### What to work on
Within the following material, tally each line that contains the string "paths". Give the tally only.

··· Dataset extract

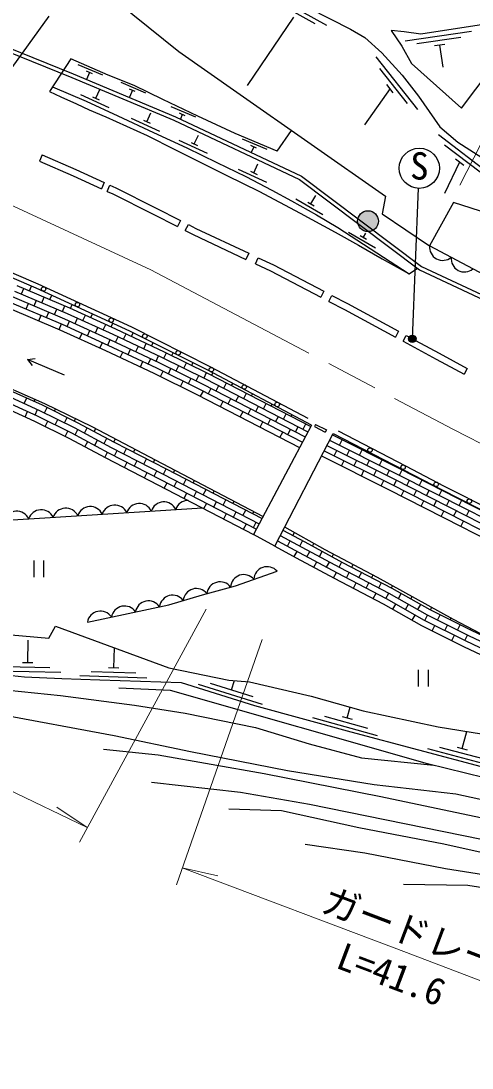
# Model space of a CAD drawing. Units: millimetres at full size, sheet at 1:1000; details may follow other scales. Extents: x 40000 to 680000, y 20000 to 380000.
# Drawn here: x 199974 to 230268, y 241459 to 311776 of the extents above; entities that cross this region are included whole.
import ezdxf
from ezdxf.enums import TextEntityAlignment as Align

# ---------------------------------------------------------------- set-up
doc = ezdxf.new("R2010")
doc.units = ezdxf.units.MM
doc.header["$LTSCALE"] = 1000
doc.linetypes.add('CHAIN', pattern=[18.5, 12, -1.5, 3.5, -1.5])
for name, color, linetype, lineweight in [('M-BGD', 7, 'Continuous', 25), ('M-BGD-EXST', 7, 'Continuous', 25), ('M-BMK', 2, 'CHAIN', 13), ('M-STR-HTXT', 7, 'Continuous', 13)]:
    doc.layers.add(name, color=color, linetype=linetype, lineweight=lineweight)
doc.styles.add('ＭＳ ゴシック', font='')
doc.styles.get('ＭＳ ゴシック').set_extended_font_data('MS Gothic')

msp = doc.modelspace()

# ---------------------------------------------------------------- hatches: boundary and pattern name
at = {"layer": 'M-BGD'}
msp.add_hatch(color=256, dxfattribs=at).paths.add_polyline_path([(223980, 298330, -1), (222580, 298330, -0.41421), (223280, 299030, -0.41421)])
at = {"layer": 'M-BGD-EXST'}
msp.add_hatch(color=256, dxfattribs=at).paths.add_polyline_path([(226479, 290552, -1), (226039, 290313, -1)])

# ---------------------------------------------------------------- linework, layer by layer
at = {"layer": 'M-BGD'}
for p, q in [((220524, 311469), (216592, 313658)), ((219723, 311572), (217102, 313031)), ((218266, 312040), (215167, 307444)), ((230223, 311066), (225770, 310419)), ((229524, 310661), (226555, 310230)), ((228429, 310199), (227736, 310098)), ((228083, 310148), (228298, 308664)), ((205478, 308124), (203822, 308829)), ((226630, 305840), (223834, 309366)), ((204580, 308311), (204381, 307845)), ((204773, 308229), (204386, 308393)), ((225929, 306242), (224065, 308592)), ((208355, 306933), (206699, 307638)), ((224979, 306956), (224544, 307505)), ((203963, 306836), (205869, 305954)), ((204782, 306689), (205227, 306483)), ((205004, 306586), (205280, 307183)), ((207456, 307120), (207258, 306654)), ((207650, 307038), (207263, 307202)), ((224762, 307230), (223042, 304790)), ((211708, 305309), (210052, 306014)), ((207382, 305257), (209288, 304376)), ((208423, 305007), (208699, 305604)), ((211003, 305414), (210616, 305578)), ((210809, 305496), (210679, 305190)), ((208201, 305110), (208645, 304904)), ((211617, 303517), (211893, 304114)), ((216501, 303136), (214845, 303841)), ((217171, 303021), (218147, 304417)), ((231580, 301394), (228008, 304131)), ((210576, 303767), (212482, 302886)), ((211394, 303620), (211839, 303414)), ((215796, 303240), (215410, 303405)), ((215603, 303323), (215443, 302947)), ((230802, 301612), (228421, 303437)), ((201397, 302784), (201217, 302371)), ((229707, 302073), (229151, 302499)), ((214562, 301827), (216468, 300946)), ((215381, 301680), (215826, 301474)), ((215603, 301577), (215879, 302174)), ((229429, 302286), (228410, 300197)), ((218434, 299832), (220253, 298782)), ((219237, 299611), (219661, 299366)), ((219449, 299489), (219778, 300059)), ((221962, 297590), (223780, 296540)), ((222976, 297247), (223140, 297532)), ((222764, 297369), (223188, 297124)), ((200539, 293649), (200677, 293975)), ((200005, 293441), (200162, 293809)), ((201919, 293063), (202044, 293356)), ((200319, 292439), (200476, 292807)), ((200853, 292647), (201009, 293015)), ((201386, 292855), (201542, 293223)), ((202767, 292268), (202923, 292636)), ((203299, 292475), (203414, 292727)), ((201167, 291644), (201323, 292012)), ((201700, 291852), (201856, 292220)), ((202233, 292060), (202390, 292428)), ((203606, 291455), (203772, 291819)), ((204135, 291653), (204301, 292017)), ((204664, 291851), (204777, 292101)), ((202547, 291058), (202704, 291426)), ((203077, 291257), (203243, 291621)), ((204970, 290832), (205136, 291196)), ((205499, 291030), (205665, 291394)), ((206028, 291228), (206141, 291475)), ((203912, 290436), (204078, 290800)), ((204441, 290634), (204607, 290998)), ((206333, 290205), (206503, 290568)), ((206860, 290400), (207030, 290762)), ((207387, 290594), (207502, 290840)), ((205277, 289813), (205443, 290176)), ((205806, 290011), (205972, 290375)), ((207164, 289374), (207334, 289736)), ((207691, 289568), (207861, 289931)), ((208218, 289763), (208388, 290125)), ((208746, 289958), (208843, 290166)), ((200423, 289039), (200727, 288636)), ((206636, 289179), (206806, 289542)), ((208522, 288737), (208692, 289099)), ((209049, 288932), (209219, 289294)), ((209575, 289123), (209751, 289482)), ((210099, 289311), (210187, 289490)), ((207995, 288542), (208164, 288905)), ((209873, 288085), (210049, 288444)), ((210397, 288273), (210573, 288632)), ((210921, 288461), (211097, 288820)), ((211445, 288649), (211527, 288816)), ((209348, 287897), (209525, 288256)), ((211219, 287423), (211395, 287782)), ((211743, 287611), (211919, 287970)), ((212267, 287799), (212443, 288158)), ((212789, 287982), (212867, 288135)), ((210695, 287235), (210871, 287594)), ((212038, 286569), (212222, 286924)), ((212559, 286750), (212743, 287105)), ((213080, 286931), (213263, 287286)), ((213600, 287112), (213784, 287467)), ((214121, 287293), (214193, 287432)), ((200195, 286092), (200360, 286456)), ((200865, 286228), (200929, 286369)), ((213371, 285880), (213554, 286235)), ((213891, 286061), (214075, 286416)), ((214412, 286242), (214596, 286597)), ((214933, 286423), (215116, 286778)), ((215453, 286604), (215518, 286730)), ((200251, 285188), (200416, 285553)), ((200921, 285324), (201086, 285689)), ((201556, 285461), (201734, 285819)), ((202217, 285579), (202294, 285735)), ((214703, 285191), (214887, 285546)), ((215224, 285372), (215407, 285727)), ((215744, 285553), (215928, 285908)), ((216265, 285734), (216449, 286089)), ((216786, 285915), (216844, 286028)), ((201605, 284543), (201783, 284901)), ((202266, 284661), (202444, 285019)), ((202899, 284793), (203077, 285151)), ((203560, 284911), (203642, 285076)), ((216035, 284502), (216219, 284857)), ((216556, 284683), (216740, 285038)), ((217077, 284864), (217261, 285219)), ((217597, 285045), (217781, 285400)), ((218118, 285226), (218170, 285326)), ((202948, 283875), (203126, 284234)), ((203606, 283986), (203794, 284339)), ((204232, 284105), (204420, 284458)), ((204885, 284209), (204992, 284407)), ((219482, 284631), (215601, 277300)), ((217368, 283813), (217552, 284168)), ((217888, 283994), (218072, 284349)), ((218409, 284175), (218593, 284530)), ((218930, 284356), (219114, 284711)), ((219755, 284683), (219676, 284531)), ((219676, 284531), (220408, 284154)), ((219755, 284683), (220486, 284307)), ((220486, 284307), (220408, 284154)), ((204274, 283175), (204463, 283527)), ((204928, 283279), (205117, 283631)), ((205554, 283397), (205743, 283750)), ((206208, 283501), (206320, 283710)), ((217013, 276517), (220936, 284078)), ((221367, 283294), (221546, 283651)), ((222227, 283310), (222266, 283388)), ((205597, 282467), (205786, 282820)), ((206254, 282578), (206437, 282933)), ((206884, 282704), (207067, 283060)), ((207542, 282816), (207644, 283014)), ((220999, 282583), (221178, 282941)), ((221859, 282600), (222038, 282958)), ((222709, 282623), (222888, 282980)), ((223569, 282639), (223598, 282697)), ((206931, 281781), (207113, 282136)), ((207589, 281892), (207771, 282248)), ((208218, 282019), (208401, 282375)), ((208876, 282131), (208972, 282317)), ((221490, 281890), (221669, 282248)), ((222340, 281912), (222519, 282270)), ((223200, 281929), (223379, 282287)), ((224050, 281951), (224229, 282309)), ((224910, 281968), (224929, 282006)), ((208265, 281096), (208448, 281451)), ((208923, 281207), (209106, 281563)), ((209553, 281334), (209737, 281689)), ((210210, 281444), (210301, 281619)), ((222832, 281219), (223011, 281577)), ((223682, 281241), (223861, 281599)), ((224542, 281258), (224721, 281616)), ((225391, 281279), (225573, 281635)), ((226248, 281290), (226261, 281315)), ((209599, 280409), (209783, 280764)), ((210256, 280519), (210440, 280874)), ((210885, 280644), (211069, 280999)), ((211542, 280754), (211629, 280922)), ((224173, 280548), (224352, 280906)), ((225022, 280569), (225204, 280925)), ((225880, 280580), (226062, 280936)), ((226727, 280597), (226909, 280953)), ((227584, 280608), (227593, 280626)), ((210931, 279719), (211115, 280074)), ((211588, 279829), (211772, 280184)), ((212217, 279954), (212401, 280309)), ((212874, 280064), (212957, 280225)), ((225512, 279870), (225693, 280226)), ((226358, 279887), (226540, 280243)), ((227216, 279898), (227398, 280255)), ((228063, 279915), (228245, 280271)), ((228921, 279926), (228929, 279942)), ((212263, 279029), (212447, 279384)), ((212920, 279139), (213104, 279494)), ((213549, 279264), (213733, 279619)), ((214206, 279374), (214286, 279528)), ((226848, 279188), (227029, 279544)), ((227694, 279205), (227876, 279561)), ((228552, 279216), (228734, 279573)), ((229399, 279233), (229581, 279589)), ((230257, 279245), (230267, 279265)), ((213594, 278339), (213778, 278694)), ((214252, 278449), (214436, 278804)), ((214881, 278574), (215065, 278929)), ((215538, 278684), (215614, 278831)), ((228184, 278506), (228365, 278863)), ((229031, 278523), (229212, 278879)), ((229888, 278534), (230070, 278891)), ((214926, 277649), (215110, 278004)), ((215583, 277759), (215767, 278114)), ((229520, 277824), (229701, 278181)), ((217013, 276517), (215601, 277300)), ((218231, 277222), (218345, 277434)), ((217863, 276512), (218052, 276864)), ((218700, 276513), (218891, 276865)), ((219551, 276509), (219652, 276696)), ((218332, 275803), (218522, 276154)), ((219182, 275799), (219372, 276151)), ((220021, 275802), (220210, 276154)), ((220872, 275798), (220967, 275974)), ((200833, 275551), (200833, 274433)), ((201499, 275551), (201499, 274433)), ((219652, 275092), (219842, 275444)), ((220503, 275088), (220693, 275440)), ((221342, 275091), (221531, 275443)), ((222197, 275095), (222290, 275274)), ((220973, 274381), (221163, 274733)), ((221828, 274384), (222013, 274739)), ((222671, 274395), (222856, 274750)), ((223526, 274400), (223616, 274572)), ((222302, 273685), (222488, 274040)), ((223157, 273690), (223343, 274044)), ((224000, 273700), (224185, 274055)), ((224855, 273705), (224933, 273853)), ((223632, 272990), (223817, 273345)), ((224487, 272995), (224672, 273349)), ((225318, 272984), (225515, 273332)), ((226161, 272966), (226252, 273128)), ((224949, 272273), (225146, 272621)), ((225792, 272255), (225989, 272603)), ((226623, 272245), (226820, 272593)), ((227467, 272228), (227558, 272410)), ((226254, 271534), (226451, 271882)), ((227098, 271518), (227277, 271876)), ((227947, 271541), (228126, 271899)), ((228808, 271558), (228873, 271687)), ((227578, 270831), (227757, 271189)), ((228440, 270847), (228619, 271205)), ((229289, 270871), (229467, 271228)), ((230150, 270887), (230200, 270986)), ((200426, 268693), (200462, 270193)), ((228920, 270160), (229099, 270518)), ((229782, 270177), (229960, 270535)), ((206205, 268345), (206253, 269669)), ((200076, 268702), (200776, 268685)), ((198163, 268147), (202662, 268041)), ((198920, 268429), (201919, 268358)), ((204695, 268100), (207693, 267991)), ((205855, 268358), (206555, 268333)), ((226653, 268205), (226653, 267087)), ((227319, 268205), (227319, 267087)), ((203934, 267828), (208431, 267664)), ((211877, 267233), (216175, 265898)), ((212683, 267297), (215548, 266407)), ((214115, 266852), (214312, 267485)), ((221884, 264974), (222079, 265688)), ((219555, 264989), (223895, 263801)), ((220358, 265081), (223251, 264288)), ((221546, 265066), (222221, 264881)), ((229610, 262918), (229915, 264063)), ((228084, 263013), (230983, 262242)), ((229272, 263007), (229949, 262828)), ((227282, 262915), (231631, 261760))]:
    msp.add_line(p, q, dxfattribs=at)
for points in [[(206852, 318995), (222115, 311231), (223070, 310671), (224201, 309640), (225569, 308133), (226680, 306726), (228112, 304659), (229302, 303628), (230929, 302597)], [(198081, 317583), (203479, 315451), (210586, 309731), (214466, 306990), (224451, 300010), (224241, 298821), (227414, 296683)], [(240822, 316530), (232793, 311797), (226832, 310884), (225702, 311052), (224836, 311124), (225551, 310073), (226208, 308911), (229563, 305909), (232444, 309749), (235975, 310224), (241100, 310780), (248680, 311706)], [(198919, 309782), (203382, 307978), (210240, 305105), (218684, 301130), (226736, 295065), (231804, 292699), (238954, 289767), (240317, 288669), (244768, 285660), (255030, 281284), (261811, 278566), (265093, 277686), (267989, 277047), (271215, 276621), (274139, 276405), (276498, 276349), (281132, 276556), (285980, 276859), (289829, 277251), (292735, 277737)], [(199012, 310028), (203482, 308222), (210347, 305346), (218821, 301357), (226873, 295292), (231909, 292940), (239089, 289996), (240474, 288881), (244895, 285892), (255130, 281528), (261895, 278816), (265155, 277942), (268034, 277307), (271242, 276883), (274152, 276669), (276496, 276613), (281118, 276819), (285958, 277122), (289794, 277513), (292684, 277996)], [(217171, 303021), (214365, 304215), (211855, 305384), (209502, 306495), (207577, 307450), (205823, 308134), (203328, 309232), (201896, 307038), (202648, 306690), (203699, 306218), (204559, 305815), (205668, 305337), (208446, 304087), (210307, 303137), (211909, 302336), (213810, 301400), (215942, 300341), (218729, 298875), (221077, 297584), (222637, 296708), (224227, 295802), (226036, 294803)], [(202095, 307343), (204364, 306378), (206488, 305411), (208875, 304293), (211124, 303251), (213122, 302271), (215083, 301335), (216821, 300416), (218138, 299686), (219821, 298757), (221252, 297914), (226036, 294803), (226596, 295171)], [(201217, 302371), (203473, 301386), (205381, 300509)], [(201397, 302784), (203657, 301797), (205569, 300918), (205381, 300509)], [(205761, 300334), (205949, 300743), (206338, 300565), (209018, 299233), (210690, 298371), (210484, 297971)], [(205761, 300334), (206144, 300159), (208814, 298831), (210484, 297971)], [(262785, 295368), (258137, 296690), (247366, 295834), (236229, 297931), (234876, 298124), (231396, 298814), (229021, 299587), (227414, 296683)], [(211009, 297700), (211215, 298100), (211727, 297836), (215266, 296174), (215075, 295767)], [(211009, 297700), (211528, 297432), (215075, 295767)], [(155289, 296930), (156848, 297145), (158756, 297232), (160464, 297257), (162509, 297257), (164578, 297158), (167041, 296945), (169148, 296733), (171155, 296459), (173287, 296123), (175150, 295722), (177145, 295223), (179015, 294775), (181421, 294052), (184046, 293214), (186340, 292429), (188846, 291457), (193634, 289575), (197492, 287870), (201565, 286091), (204739, 284540), (209454, 282064), (216238, 278504)], [(155312, 296709), (158730, 296932), (160490, 296947), (162797, 296907), (164503, 296798), (166478, 296622), (168553, 296379), (170282, 296152), (172861, 295758), (174880, 295345), (176960, 294848), (178668, 294435), (180922, 293765), (184834, 292487), (186927, 291734), (189086, 290970), (194071, 289078), (198852, 287140), (201396, 285987), (203742, 284821), (206223, 283493), (209715, 281700), (216162, 278361)], [(155353, 296311), (158745, 296532), (160488, 296547), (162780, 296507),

······

### Solution
2